Only an exact copy of the entries, stripped of pictures, will serve as the answer.

BEGIN

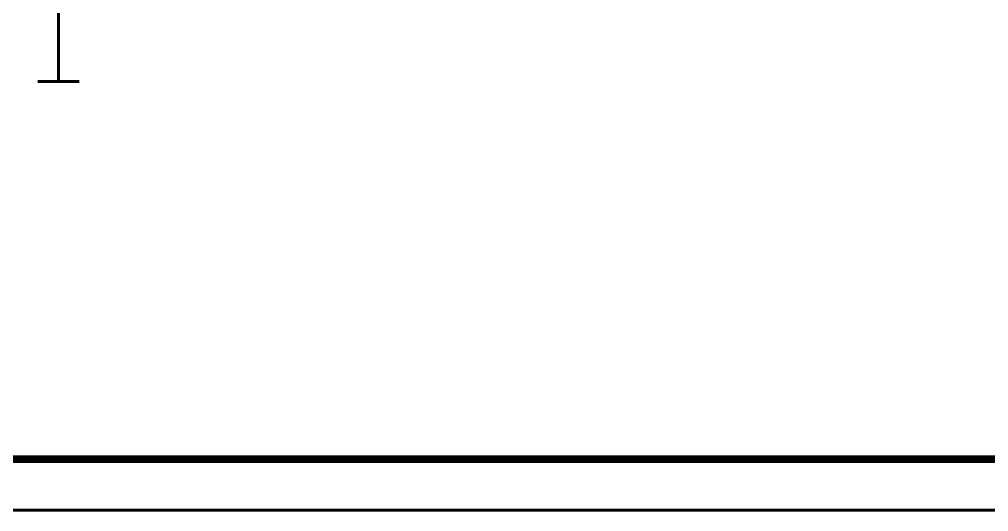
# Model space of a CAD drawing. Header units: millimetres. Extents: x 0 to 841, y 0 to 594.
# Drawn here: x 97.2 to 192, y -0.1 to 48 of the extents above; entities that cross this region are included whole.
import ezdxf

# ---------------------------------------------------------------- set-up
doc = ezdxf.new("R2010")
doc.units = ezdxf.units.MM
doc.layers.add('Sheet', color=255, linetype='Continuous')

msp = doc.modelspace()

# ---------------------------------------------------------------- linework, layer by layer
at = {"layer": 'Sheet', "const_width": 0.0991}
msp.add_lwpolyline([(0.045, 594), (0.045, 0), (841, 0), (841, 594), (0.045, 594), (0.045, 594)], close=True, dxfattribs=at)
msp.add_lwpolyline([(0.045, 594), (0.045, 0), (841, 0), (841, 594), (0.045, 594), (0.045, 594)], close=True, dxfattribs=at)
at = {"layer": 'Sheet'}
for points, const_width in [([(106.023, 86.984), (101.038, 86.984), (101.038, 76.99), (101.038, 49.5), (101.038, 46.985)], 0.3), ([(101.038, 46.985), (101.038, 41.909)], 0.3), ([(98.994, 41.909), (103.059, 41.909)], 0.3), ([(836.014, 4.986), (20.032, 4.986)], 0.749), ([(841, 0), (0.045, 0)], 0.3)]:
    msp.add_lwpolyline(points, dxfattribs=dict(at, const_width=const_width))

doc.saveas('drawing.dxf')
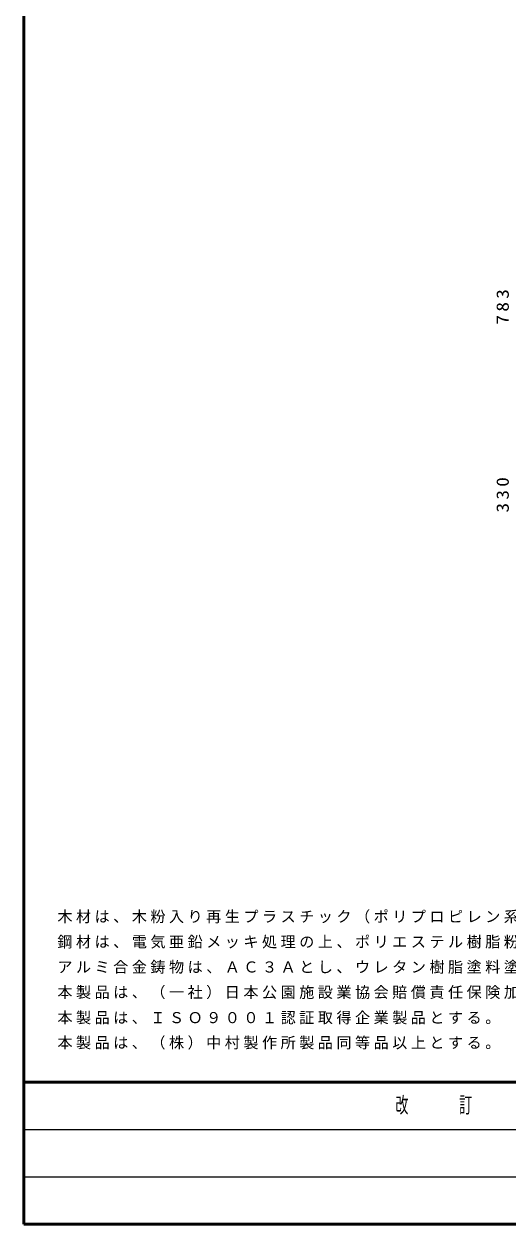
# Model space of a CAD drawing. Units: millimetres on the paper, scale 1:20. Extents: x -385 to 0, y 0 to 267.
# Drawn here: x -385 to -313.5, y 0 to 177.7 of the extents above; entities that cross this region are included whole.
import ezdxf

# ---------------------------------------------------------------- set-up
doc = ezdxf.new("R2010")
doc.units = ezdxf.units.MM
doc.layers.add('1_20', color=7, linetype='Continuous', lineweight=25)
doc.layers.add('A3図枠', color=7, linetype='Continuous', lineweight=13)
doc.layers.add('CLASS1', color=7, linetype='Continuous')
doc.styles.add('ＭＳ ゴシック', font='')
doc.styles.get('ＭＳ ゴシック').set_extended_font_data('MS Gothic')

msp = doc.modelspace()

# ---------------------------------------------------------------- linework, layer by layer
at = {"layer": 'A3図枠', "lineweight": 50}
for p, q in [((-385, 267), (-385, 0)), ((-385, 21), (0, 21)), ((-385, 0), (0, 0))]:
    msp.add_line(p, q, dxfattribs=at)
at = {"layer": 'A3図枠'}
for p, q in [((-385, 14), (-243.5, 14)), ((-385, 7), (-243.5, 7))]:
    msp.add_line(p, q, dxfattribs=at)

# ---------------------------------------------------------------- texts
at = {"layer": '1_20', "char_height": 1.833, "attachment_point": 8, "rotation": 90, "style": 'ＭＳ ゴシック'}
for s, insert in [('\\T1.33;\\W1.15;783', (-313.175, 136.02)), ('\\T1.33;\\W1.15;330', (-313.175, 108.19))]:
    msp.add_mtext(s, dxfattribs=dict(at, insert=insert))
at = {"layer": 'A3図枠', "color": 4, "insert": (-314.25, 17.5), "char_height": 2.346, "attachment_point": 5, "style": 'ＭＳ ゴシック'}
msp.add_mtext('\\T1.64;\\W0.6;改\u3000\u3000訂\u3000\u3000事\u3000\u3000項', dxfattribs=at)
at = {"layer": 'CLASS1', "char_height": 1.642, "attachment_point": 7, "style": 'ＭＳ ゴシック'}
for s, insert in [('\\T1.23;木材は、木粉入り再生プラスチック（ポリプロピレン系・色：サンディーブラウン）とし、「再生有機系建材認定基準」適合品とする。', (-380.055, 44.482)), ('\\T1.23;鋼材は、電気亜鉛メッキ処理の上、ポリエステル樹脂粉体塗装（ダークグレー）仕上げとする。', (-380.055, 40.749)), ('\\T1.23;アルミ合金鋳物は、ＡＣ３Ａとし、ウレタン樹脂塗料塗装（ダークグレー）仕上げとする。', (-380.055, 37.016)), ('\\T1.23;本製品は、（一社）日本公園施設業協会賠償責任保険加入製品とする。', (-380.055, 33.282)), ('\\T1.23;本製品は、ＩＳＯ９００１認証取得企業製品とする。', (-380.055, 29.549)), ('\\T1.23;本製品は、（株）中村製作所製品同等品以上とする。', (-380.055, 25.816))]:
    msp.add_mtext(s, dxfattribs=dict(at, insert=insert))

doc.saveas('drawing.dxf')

END

● Output for this exercise:
# Model space of a CAD drawing. Header units: millimetres. Extents: x 0 to 841, y 0 to 594.
# Drawn here: x 97.2 to 192, y -0.1 to 48 of the extents above; entities that cross this region are included whole.
import ezdxf

# ---------------------------------------------------------------- set-up
doc = ezdxf.new("R2010")
doc.units = ezdxf.units.MM
doc.layers.add('Sheet', color=255, linetype='Continuous')

msp = doc.modelspace()

# ---------------------------------------------------------------- linework, layer by layer
at = {"layer": 'Sheet', "const_width": 0.0991}
msp.add_lwpolyline([(0.045, 594), (0.045, 0), (841, 0), (841, 594), (0.045, 594), (0.045, 594)], close=True, dxfattribs=at)
msp.add_lwpolyline([(0.045, 594), (0.045, 0), (841, 0), (841, 594), (0.045, 594), (0.045, 594)], close=True, dxfattribs=at)
at = {"layer": 'Sheet'}
for points, const_width in [([(106.023, 86.984), (101.038, 86.984), (101.038, 76.99), (101.038, 49.5), (101.038, 46.985)], 0.3), ([(101.038, 46.985), (101.038, 41.909)], 0.3), ([(98.994, 41.909), (103.059, 41.909)], 0.3), ([(836.014, 4.986), (20.032, 4.986)], 0.749), ([(841, 0), (0.045, 0)], 0.3)]:
    msp.add_lwpolyline(points, dxfattribs=dict(at, const_width=const_width))

doc.saveas('drawing.dxf')
# Model space of a CAD drawing. Units: millimetres on the paper, scale 1:20. Extents: x -385 to 0, y 0 to 267.
# Drawn here: x -385 to -313.5, y 0 to 177.7 of the extents above; entities that cross this region are included whole.
import ezdxf

# ---------------------------------------------------------------- set-up
doc = ezdxf.new("R2010")
doc.units = ezdxf.units.MM
doc.layers.add('1_20', color=7, linetype='Continuous', lineweight=25)
doc.layers.add('A3図枠', color=7, linetype='Continuous', lineweight=13)
doc.layers.add('CLASS1', color=7, linetype='Continuous')
doc.styles.add('ＭＳ ゴシック', font='')
doc.styles.get('ＭＳ ゴシック').set_extended_font_data('MS Gothic')

msp = doc.modelspace()

# ---------------------------------------------------------------- linework, layer by layer
at = {"layer": 'A3図枠', "lineweight": 50}
for p, q in [((-385, 267), (-385, 0)), ((-385, 21), (0, 21)), ((-385, 0), (0, 0))]:
    msp.add_line(p, q, dxfattribs=at)
at = {"layer": 'A3図枠'}
for p, q in [((-385, 14), (-243.5, 14)), ((-385, 7), (-243.5, 7))]:
    msp.add_line(p, q, dxfattribs=at)

# ---------------------------------------------------------------- texts
at = {"layer": '1_20', "char_height": 1.833, "attachment_point": 8, "rotation": 90, "style": 'ＭＳ ゴシック'}
for s, insert in [('\\T1.33;\\W1.15;783', (-313.175, 136.02)), ('\\T1.33;\\W1.15;330', (-313.175, 108.19))]:
    msp.add_mtext(s, dxfattribs=dict(at, insert=insert))
at = {"layer": 'A3図枠', "color": 4, "insert": (-314.25, 17.5), "char_height": 2.346, "attachment_point": 5, "style": 'ＭＳ ゴシック'}
msp.add_mtext('\\T1.64;\\W0.6;改\u3000\u3000訂\u3000\u3000事\u3000\u3000項', dxfattribs=at)
at = {"layer": 'CLASS1', "char_height": 1.642, "attachment_point": 7, "style": 'ＭＳ ゴシック'}
for s, insert in [('\\T1.23;木材は、木粉入り再生プラスチック（ポリプロピレン系・色：サンディーブラウン）とし、「再生有機系建材認定基準」適合品とする。', (-380.055, 44.482)), ('\\T1.23;鋼材は、電気亜鉛メッキ処理の上、ポリエステル樹脂粉体塗装（ダークグレー）仕上げとする。', (-380.055, 40.749)), ('\\T1.23;アルミ合金鋳物は、ＡＣ３Ａとし、ウレタン樹脂塗料塗装（ダークグレー）仕上げとする。', (-380.055, 37.016)), ('\\T1.23;本製品は、（一社）日本公園施設業協会賠償責任保険加入製品とする。', (-380.055, 33.282)), ('\\T1.23;本製品は、ＩＳＯ９００１認証取得企業製品とする。', (-380.055, 29.549)), ('\\T1.23;本製品は、（株）中村製作所製品同等品以上とする。', (-380.055, 25.816))]:
    msp.add_mtext(s, dxfattribs=dict(at, insert=insert))

doc.saveas('drawing.dxf')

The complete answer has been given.